**Task statement**
Copy the first line of the entries below and every line after it through the line containing "#19=CARTESIAN_POINT('',(6.11000048,2.65999976,0.499999));". Do not include pictures.

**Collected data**
++++++++++++++++++++

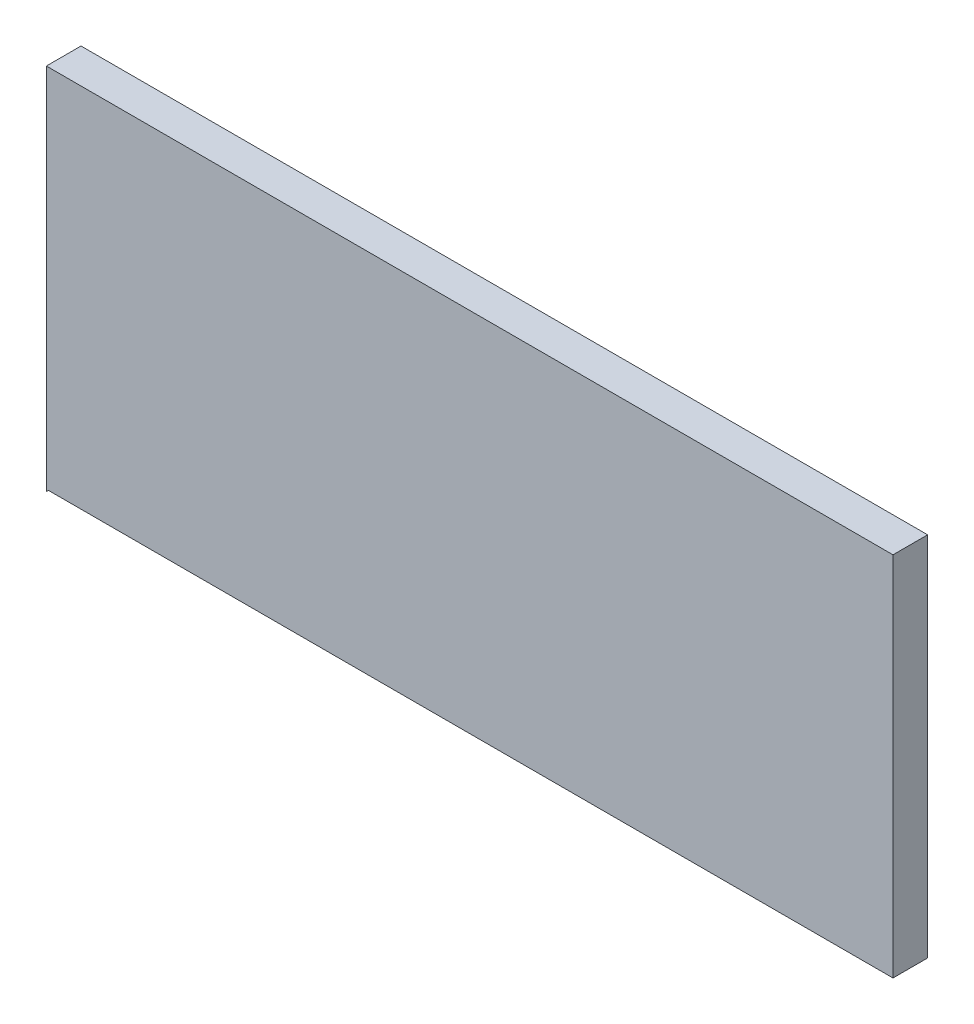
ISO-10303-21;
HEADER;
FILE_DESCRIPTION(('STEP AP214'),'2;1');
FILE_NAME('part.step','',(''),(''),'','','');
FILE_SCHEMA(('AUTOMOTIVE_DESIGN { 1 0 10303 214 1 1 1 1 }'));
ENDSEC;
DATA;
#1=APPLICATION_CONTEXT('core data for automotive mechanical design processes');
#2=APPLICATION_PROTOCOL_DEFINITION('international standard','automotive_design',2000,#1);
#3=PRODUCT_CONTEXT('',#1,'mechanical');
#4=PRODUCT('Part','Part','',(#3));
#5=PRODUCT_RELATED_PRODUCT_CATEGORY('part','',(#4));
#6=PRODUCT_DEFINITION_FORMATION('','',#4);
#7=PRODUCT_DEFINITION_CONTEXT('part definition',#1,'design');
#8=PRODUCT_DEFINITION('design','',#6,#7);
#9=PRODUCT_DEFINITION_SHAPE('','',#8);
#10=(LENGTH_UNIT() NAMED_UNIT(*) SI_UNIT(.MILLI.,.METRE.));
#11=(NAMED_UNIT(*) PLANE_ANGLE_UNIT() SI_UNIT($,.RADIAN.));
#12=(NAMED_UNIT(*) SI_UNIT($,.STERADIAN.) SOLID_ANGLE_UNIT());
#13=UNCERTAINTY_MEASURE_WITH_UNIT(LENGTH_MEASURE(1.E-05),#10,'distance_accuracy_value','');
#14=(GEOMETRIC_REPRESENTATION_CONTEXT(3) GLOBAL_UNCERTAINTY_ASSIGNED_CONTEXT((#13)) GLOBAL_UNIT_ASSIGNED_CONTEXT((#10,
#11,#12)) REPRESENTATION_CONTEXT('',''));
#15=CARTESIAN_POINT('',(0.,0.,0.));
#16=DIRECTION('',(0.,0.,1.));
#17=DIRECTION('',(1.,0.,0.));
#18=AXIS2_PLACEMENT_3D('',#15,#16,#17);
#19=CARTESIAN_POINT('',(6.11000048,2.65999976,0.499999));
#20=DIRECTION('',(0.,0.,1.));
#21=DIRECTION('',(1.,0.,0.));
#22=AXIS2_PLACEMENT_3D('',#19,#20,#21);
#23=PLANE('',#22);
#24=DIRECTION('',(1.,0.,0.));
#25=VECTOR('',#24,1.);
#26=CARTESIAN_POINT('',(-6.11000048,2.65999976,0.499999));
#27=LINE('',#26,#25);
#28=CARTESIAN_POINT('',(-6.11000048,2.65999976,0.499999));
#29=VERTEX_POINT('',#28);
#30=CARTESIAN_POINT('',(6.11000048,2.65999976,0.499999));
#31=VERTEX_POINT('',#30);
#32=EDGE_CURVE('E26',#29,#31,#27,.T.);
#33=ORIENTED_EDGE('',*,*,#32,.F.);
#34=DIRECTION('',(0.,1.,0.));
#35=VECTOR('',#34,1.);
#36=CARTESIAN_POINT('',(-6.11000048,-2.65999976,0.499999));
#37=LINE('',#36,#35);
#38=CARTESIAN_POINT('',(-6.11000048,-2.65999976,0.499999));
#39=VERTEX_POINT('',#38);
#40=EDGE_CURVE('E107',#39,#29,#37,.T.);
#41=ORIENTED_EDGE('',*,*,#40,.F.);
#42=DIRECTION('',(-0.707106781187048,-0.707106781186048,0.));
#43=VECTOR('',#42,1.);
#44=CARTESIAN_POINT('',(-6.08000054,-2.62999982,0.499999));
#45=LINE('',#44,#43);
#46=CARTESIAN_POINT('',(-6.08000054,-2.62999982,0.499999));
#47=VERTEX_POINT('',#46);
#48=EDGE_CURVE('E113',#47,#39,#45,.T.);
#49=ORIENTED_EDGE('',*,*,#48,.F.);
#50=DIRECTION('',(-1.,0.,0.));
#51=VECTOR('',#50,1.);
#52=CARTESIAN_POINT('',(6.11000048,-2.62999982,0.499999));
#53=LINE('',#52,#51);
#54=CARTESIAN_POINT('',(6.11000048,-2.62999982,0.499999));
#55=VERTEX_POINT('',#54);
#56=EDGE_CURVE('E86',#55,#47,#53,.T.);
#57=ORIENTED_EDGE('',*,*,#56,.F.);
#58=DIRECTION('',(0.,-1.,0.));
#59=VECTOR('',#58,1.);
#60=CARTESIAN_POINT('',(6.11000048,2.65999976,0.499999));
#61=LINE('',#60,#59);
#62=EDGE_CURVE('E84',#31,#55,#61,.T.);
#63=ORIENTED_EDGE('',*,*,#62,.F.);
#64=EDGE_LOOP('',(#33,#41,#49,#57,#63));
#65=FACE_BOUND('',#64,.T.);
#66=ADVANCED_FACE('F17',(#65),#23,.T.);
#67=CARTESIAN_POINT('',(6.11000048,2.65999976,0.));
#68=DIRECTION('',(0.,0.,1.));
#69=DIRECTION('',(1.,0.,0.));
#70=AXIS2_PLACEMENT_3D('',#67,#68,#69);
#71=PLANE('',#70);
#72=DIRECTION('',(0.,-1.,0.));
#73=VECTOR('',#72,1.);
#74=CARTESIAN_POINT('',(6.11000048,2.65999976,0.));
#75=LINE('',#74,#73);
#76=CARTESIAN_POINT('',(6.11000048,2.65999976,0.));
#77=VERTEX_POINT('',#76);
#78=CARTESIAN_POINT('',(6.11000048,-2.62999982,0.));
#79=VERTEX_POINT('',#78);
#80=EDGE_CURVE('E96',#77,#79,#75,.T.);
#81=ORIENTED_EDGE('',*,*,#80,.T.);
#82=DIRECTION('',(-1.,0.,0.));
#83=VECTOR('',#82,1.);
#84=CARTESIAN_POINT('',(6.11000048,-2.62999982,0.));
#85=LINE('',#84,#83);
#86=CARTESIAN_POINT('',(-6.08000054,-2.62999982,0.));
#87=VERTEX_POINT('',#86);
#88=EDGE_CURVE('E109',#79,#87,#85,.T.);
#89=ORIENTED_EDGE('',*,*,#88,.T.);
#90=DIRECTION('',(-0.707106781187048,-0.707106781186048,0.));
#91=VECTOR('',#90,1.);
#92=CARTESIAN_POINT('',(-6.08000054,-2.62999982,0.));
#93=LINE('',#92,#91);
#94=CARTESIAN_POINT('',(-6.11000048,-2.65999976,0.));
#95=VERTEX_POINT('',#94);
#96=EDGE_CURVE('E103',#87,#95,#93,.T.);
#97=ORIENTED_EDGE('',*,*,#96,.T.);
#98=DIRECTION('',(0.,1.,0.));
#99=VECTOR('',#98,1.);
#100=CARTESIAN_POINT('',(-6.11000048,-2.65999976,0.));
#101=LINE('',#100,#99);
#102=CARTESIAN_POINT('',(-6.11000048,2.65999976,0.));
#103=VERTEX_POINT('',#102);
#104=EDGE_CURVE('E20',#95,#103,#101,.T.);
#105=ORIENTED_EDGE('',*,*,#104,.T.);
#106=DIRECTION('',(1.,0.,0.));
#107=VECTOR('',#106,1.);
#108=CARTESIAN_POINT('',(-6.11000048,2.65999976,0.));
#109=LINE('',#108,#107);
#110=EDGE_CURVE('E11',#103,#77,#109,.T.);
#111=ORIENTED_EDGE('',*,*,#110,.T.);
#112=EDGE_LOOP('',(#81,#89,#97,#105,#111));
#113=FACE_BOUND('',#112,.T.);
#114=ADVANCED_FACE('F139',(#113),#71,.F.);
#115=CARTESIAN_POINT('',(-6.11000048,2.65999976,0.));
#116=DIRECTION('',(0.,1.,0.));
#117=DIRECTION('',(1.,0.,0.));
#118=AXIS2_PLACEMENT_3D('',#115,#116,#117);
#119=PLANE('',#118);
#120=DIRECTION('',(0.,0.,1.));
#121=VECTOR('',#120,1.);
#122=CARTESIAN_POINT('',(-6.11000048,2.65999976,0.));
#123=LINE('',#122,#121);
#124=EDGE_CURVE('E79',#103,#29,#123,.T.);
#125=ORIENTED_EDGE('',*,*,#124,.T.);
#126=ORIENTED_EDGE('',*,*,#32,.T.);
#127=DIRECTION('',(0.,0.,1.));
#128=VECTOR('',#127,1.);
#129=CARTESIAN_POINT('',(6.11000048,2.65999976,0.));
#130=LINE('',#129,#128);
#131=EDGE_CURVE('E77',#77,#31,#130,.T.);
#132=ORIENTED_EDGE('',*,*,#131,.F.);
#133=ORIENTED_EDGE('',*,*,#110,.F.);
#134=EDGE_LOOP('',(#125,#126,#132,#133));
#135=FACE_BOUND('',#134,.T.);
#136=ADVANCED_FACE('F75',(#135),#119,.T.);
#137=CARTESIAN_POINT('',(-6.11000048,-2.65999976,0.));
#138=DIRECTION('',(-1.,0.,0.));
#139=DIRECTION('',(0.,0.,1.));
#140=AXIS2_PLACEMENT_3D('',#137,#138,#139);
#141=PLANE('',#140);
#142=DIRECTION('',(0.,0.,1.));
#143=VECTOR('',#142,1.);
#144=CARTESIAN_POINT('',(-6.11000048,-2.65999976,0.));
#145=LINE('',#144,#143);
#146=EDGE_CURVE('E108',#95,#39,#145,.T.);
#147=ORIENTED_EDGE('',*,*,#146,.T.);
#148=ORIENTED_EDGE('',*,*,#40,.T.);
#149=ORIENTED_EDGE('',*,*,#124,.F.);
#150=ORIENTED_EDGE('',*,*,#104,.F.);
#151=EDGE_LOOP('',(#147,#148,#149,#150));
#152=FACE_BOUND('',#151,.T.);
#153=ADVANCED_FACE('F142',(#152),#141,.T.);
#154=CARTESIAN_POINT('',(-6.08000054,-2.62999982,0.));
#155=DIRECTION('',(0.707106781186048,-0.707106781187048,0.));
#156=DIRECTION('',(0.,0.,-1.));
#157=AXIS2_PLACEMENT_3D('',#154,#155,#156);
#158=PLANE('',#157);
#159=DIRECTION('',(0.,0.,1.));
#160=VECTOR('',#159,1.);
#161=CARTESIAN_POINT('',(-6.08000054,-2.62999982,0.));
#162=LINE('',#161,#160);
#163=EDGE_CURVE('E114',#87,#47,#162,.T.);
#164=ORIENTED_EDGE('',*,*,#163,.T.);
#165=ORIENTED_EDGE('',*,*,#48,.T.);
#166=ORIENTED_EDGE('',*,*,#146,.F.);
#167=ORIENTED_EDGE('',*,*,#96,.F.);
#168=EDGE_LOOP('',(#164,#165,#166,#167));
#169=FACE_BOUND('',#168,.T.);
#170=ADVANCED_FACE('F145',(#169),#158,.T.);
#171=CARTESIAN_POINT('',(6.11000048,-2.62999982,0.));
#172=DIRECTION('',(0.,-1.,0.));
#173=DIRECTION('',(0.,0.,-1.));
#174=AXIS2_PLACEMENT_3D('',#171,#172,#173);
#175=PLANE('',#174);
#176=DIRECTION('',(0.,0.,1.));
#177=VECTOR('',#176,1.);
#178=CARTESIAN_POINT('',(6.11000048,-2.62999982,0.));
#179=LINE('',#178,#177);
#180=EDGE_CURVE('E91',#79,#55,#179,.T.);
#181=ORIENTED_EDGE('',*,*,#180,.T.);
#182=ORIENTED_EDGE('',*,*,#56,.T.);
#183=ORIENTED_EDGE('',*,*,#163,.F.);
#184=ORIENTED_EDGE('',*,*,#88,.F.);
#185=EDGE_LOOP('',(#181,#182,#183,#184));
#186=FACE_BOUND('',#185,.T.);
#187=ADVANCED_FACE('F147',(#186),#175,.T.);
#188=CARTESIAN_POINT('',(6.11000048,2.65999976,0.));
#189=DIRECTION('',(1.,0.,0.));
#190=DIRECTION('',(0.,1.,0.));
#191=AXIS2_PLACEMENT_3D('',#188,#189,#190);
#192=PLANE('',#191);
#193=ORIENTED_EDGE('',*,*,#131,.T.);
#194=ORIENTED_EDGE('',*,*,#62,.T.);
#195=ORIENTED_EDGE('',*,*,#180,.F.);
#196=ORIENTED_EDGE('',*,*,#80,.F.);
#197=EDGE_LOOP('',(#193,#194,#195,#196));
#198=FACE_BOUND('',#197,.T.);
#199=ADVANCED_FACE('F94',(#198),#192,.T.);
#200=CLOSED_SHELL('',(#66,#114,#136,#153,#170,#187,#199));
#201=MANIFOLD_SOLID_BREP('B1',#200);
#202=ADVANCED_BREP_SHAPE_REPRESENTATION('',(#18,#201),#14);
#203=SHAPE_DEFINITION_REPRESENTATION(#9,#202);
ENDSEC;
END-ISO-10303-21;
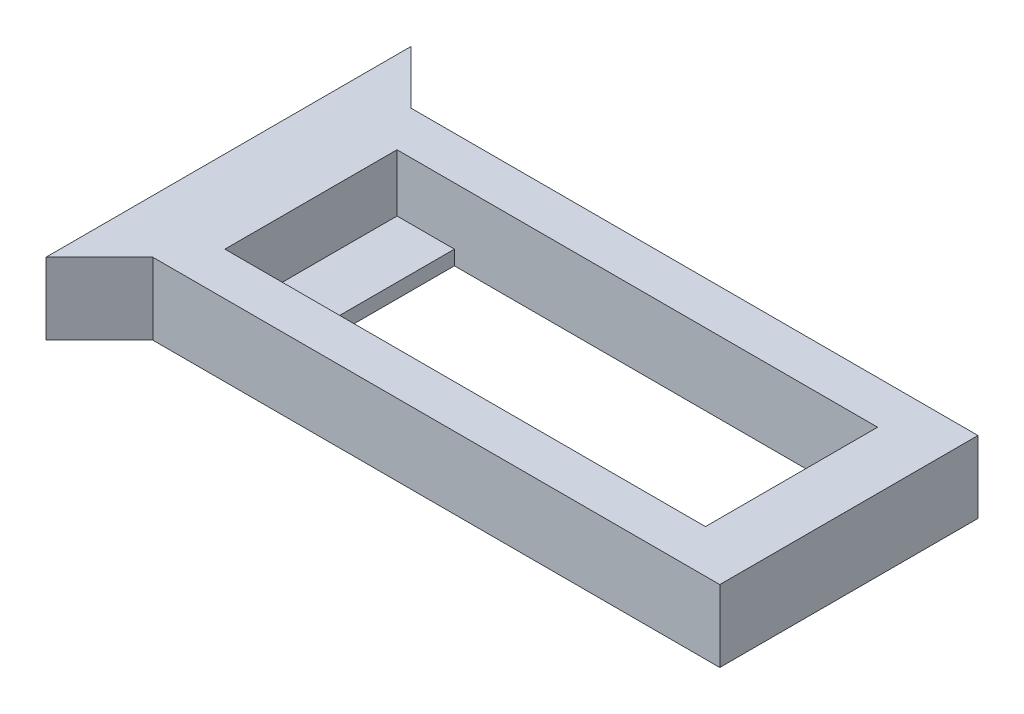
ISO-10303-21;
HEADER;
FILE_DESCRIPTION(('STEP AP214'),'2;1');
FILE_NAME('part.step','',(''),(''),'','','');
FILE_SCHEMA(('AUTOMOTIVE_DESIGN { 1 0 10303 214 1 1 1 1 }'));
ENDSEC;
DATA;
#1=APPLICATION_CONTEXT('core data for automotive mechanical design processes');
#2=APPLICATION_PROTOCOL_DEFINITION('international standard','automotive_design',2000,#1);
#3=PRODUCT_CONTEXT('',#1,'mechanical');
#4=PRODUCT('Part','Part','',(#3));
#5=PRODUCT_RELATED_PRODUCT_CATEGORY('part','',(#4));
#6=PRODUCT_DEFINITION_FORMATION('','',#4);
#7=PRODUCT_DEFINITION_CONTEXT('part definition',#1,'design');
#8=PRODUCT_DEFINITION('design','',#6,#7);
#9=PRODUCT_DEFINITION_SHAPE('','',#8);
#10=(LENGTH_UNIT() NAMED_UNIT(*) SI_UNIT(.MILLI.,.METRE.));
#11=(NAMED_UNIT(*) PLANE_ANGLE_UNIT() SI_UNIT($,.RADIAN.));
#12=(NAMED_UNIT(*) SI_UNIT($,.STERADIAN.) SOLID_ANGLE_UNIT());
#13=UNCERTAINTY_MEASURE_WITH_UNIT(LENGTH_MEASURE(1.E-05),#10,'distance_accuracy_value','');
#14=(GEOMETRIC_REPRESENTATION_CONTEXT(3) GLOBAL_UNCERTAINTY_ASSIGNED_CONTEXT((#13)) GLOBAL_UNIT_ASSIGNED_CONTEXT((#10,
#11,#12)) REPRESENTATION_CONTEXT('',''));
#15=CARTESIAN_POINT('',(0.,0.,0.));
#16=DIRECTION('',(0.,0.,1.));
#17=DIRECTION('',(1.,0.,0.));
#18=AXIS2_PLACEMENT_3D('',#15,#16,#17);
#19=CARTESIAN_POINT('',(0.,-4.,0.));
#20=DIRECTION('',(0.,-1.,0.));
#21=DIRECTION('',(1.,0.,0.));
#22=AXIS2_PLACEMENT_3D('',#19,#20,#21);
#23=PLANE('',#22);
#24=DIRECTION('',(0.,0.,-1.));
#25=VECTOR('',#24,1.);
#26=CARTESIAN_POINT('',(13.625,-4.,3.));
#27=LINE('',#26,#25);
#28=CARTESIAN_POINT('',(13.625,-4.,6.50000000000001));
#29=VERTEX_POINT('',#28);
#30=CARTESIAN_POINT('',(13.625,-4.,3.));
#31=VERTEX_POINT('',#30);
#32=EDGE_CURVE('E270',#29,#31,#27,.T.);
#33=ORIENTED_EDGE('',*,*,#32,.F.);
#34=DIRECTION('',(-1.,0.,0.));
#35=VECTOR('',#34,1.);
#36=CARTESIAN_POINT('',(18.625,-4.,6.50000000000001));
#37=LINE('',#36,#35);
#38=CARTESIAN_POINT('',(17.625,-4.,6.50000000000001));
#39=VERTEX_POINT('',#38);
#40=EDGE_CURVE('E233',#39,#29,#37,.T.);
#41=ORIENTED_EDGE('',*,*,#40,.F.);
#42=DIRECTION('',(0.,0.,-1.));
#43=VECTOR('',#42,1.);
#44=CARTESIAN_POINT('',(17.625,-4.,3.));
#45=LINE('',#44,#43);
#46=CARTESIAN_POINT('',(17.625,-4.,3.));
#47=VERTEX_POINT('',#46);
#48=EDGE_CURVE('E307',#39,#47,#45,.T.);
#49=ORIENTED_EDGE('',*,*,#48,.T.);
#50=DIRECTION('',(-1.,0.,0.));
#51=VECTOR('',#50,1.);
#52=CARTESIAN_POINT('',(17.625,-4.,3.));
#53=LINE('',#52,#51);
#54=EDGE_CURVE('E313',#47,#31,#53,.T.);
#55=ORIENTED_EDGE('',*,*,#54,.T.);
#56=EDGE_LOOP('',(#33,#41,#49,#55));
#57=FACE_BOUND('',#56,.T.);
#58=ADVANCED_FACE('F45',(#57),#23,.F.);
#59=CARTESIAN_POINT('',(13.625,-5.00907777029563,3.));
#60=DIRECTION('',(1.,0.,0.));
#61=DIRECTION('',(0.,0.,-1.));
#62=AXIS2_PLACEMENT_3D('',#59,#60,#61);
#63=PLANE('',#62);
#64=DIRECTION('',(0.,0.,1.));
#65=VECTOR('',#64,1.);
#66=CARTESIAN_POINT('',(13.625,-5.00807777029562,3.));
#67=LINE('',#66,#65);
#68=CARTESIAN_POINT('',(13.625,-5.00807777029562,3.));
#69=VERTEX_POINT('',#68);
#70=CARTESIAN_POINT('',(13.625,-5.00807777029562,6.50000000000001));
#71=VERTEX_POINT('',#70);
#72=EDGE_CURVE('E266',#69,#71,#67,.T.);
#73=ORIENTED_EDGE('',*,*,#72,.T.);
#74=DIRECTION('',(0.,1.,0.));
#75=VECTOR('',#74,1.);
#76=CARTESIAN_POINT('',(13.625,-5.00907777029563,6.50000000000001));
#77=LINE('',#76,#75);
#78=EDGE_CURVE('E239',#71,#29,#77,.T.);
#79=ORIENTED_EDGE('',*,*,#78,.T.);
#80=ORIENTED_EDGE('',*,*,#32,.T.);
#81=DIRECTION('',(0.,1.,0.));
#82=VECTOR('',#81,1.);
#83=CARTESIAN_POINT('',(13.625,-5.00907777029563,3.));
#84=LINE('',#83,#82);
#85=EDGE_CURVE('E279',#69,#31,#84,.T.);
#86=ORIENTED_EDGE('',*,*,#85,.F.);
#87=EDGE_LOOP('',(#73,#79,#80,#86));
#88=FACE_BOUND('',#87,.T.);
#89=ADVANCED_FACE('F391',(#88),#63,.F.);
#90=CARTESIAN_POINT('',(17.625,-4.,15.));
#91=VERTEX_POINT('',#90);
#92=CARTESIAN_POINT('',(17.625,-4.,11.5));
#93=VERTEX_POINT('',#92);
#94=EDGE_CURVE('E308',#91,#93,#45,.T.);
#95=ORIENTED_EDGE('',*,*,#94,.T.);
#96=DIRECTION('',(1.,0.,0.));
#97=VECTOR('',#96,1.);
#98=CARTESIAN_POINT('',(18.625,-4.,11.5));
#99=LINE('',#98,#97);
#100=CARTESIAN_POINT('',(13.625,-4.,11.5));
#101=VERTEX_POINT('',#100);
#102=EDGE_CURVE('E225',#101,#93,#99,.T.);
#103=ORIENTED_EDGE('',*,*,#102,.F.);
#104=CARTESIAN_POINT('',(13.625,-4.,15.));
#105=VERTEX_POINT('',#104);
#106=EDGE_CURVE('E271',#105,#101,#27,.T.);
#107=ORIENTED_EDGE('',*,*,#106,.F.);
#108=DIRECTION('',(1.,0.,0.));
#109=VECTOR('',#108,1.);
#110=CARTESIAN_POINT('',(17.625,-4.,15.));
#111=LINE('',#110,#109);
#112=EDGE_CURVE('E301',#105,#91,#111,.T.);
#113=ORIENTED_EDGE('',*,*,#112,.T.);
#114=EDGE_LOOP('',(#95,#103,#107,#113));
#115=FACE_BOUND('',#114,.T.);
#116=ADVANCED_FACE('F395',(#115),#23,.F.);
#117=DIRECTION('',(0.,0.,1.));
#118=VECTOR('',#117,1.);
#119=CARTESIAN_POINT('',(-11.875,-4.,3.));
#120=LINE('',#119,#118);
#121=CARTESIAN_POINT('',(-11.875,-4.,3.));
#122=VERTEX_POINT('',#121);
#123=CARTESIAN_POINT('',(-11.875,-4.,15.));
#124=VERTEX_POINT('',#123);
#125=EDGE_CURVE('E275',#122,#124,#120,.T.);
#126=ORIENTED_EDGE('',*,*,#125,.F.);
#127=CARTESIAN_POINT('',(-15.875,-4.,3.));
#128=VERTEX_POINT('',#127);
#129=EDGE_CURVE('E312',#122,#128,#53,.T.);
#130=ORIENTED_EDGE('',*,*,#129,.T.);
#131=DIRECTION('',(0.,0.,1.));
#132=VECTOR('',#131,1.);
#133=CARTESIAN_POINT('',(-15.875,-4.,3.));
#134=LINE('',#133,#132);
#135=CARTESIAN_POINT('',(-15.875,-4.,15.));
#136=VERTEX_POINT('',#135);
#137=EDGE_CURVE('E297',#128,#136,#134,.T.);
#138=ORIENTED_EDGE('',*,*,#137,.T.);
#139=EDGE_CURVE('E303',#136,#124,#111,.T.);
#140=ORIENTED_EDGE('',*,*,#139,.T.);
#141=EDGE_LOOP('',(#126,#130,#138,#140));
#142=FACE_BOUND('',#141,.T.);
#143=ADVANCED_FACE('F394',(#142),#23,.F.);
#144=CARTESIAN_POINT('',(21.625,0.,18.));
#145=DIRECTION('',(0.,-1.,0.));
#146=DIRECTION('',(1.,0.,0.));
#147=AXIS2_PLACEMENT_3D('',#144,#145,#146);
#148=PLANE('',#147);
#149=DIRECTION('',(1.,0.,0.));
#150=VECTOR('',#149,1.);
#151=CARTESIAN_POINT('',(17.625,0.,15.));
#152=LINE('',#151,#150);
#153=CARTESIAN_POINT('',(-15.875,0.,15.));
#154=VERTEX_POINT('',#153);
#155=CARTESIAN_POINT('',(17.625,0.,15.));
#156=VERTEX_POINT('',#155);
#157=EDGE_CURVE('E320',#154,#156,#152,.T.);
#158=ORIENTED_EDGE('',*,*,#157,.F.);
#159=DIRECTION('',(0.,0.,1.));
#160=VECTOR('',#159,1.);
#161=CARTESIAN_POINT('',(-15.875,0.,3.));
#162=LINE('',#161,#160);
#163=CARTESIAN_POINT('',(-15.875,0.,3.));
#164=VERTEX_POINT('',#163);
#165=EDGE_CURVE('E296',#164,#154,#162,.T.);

++++++++++++++++++++

**Response to the exercise**
ISO-10303-21;
HEADER;
FILE_DESCRIPTION(('STEP AP214'),'2;1');
FILE_NAME('part.step','',(''),(''),'','','');
FILE_SCHEMA(('AUTOMOTIVE_DESIGN { 1 0 10303 214 1 1 1 1 }'));
ENDSEC;
DATA;
#1=APPLICATION_CONTEXT('core data for automotive mechanical design processes');
#2=APPLICATION_PROTOCOL_DEFINITION('international standard','automotive_design',2000,#1);
#3=PRODUCT_CONTEXT('',#1,'mechanical');
#4=PRODUCT('Part','Part','',(#3));
#5=PRODUCT_RELATED_PRODUCT_CATEGORY('part','',(#4));
#6=PRODUCT_DEFINITION_FORMATION('','',#4);
#7=PRODUCT_DEFINITION_CONTEXT('part definition',#1,'design');
#8=PRODUCT_DEFINITION('design','',#6,#7);
#9=PRODUCT_DEFINITION_SHAPE('','',#8);
#10=(LENGTH_UNIT() NAMED_UNIT(*) SI_UNIT(.MILLI.,.METRE.));
#11=(NAMED_UNIT(*) PLANE_ANGLE_UNIT() SI_UNIT($,.RADIAN.));
#12=(NAMED_UNIT(*) SI_UNIT($,.STERADIAN.) SOLID_ANGLE_UNIT());
#13=UNCERTAINTY_MEASURE_WITH_UNIT(LENGTH_MEASURE(1.E-05),#10,'distance_accuracy_value','');
#14=(GEOMETRIC_REPRESENTATION_CONTEXT(3) GLOBAL_UNCERTAINTY_ASSIGNED_CONTEXT((#13)) GLOBAL_UNIT_ASSIGNED_CONTEXT((#10,
#11,#12)) REPRESENTATION_CONTEXT('',''));
#15=CARTESIAN_POINT('',(0.,0.,0.));
#16=DIRECTION('',(0.,0.,1.));
#17=DIRECTION('',(1.,0.,0.));
#18=AXIS2_PLACEMENT_3D('',#15,#16,#17);
#19=CARTESIAN_POINT('',(6.11000048,2.65999976,0.499999));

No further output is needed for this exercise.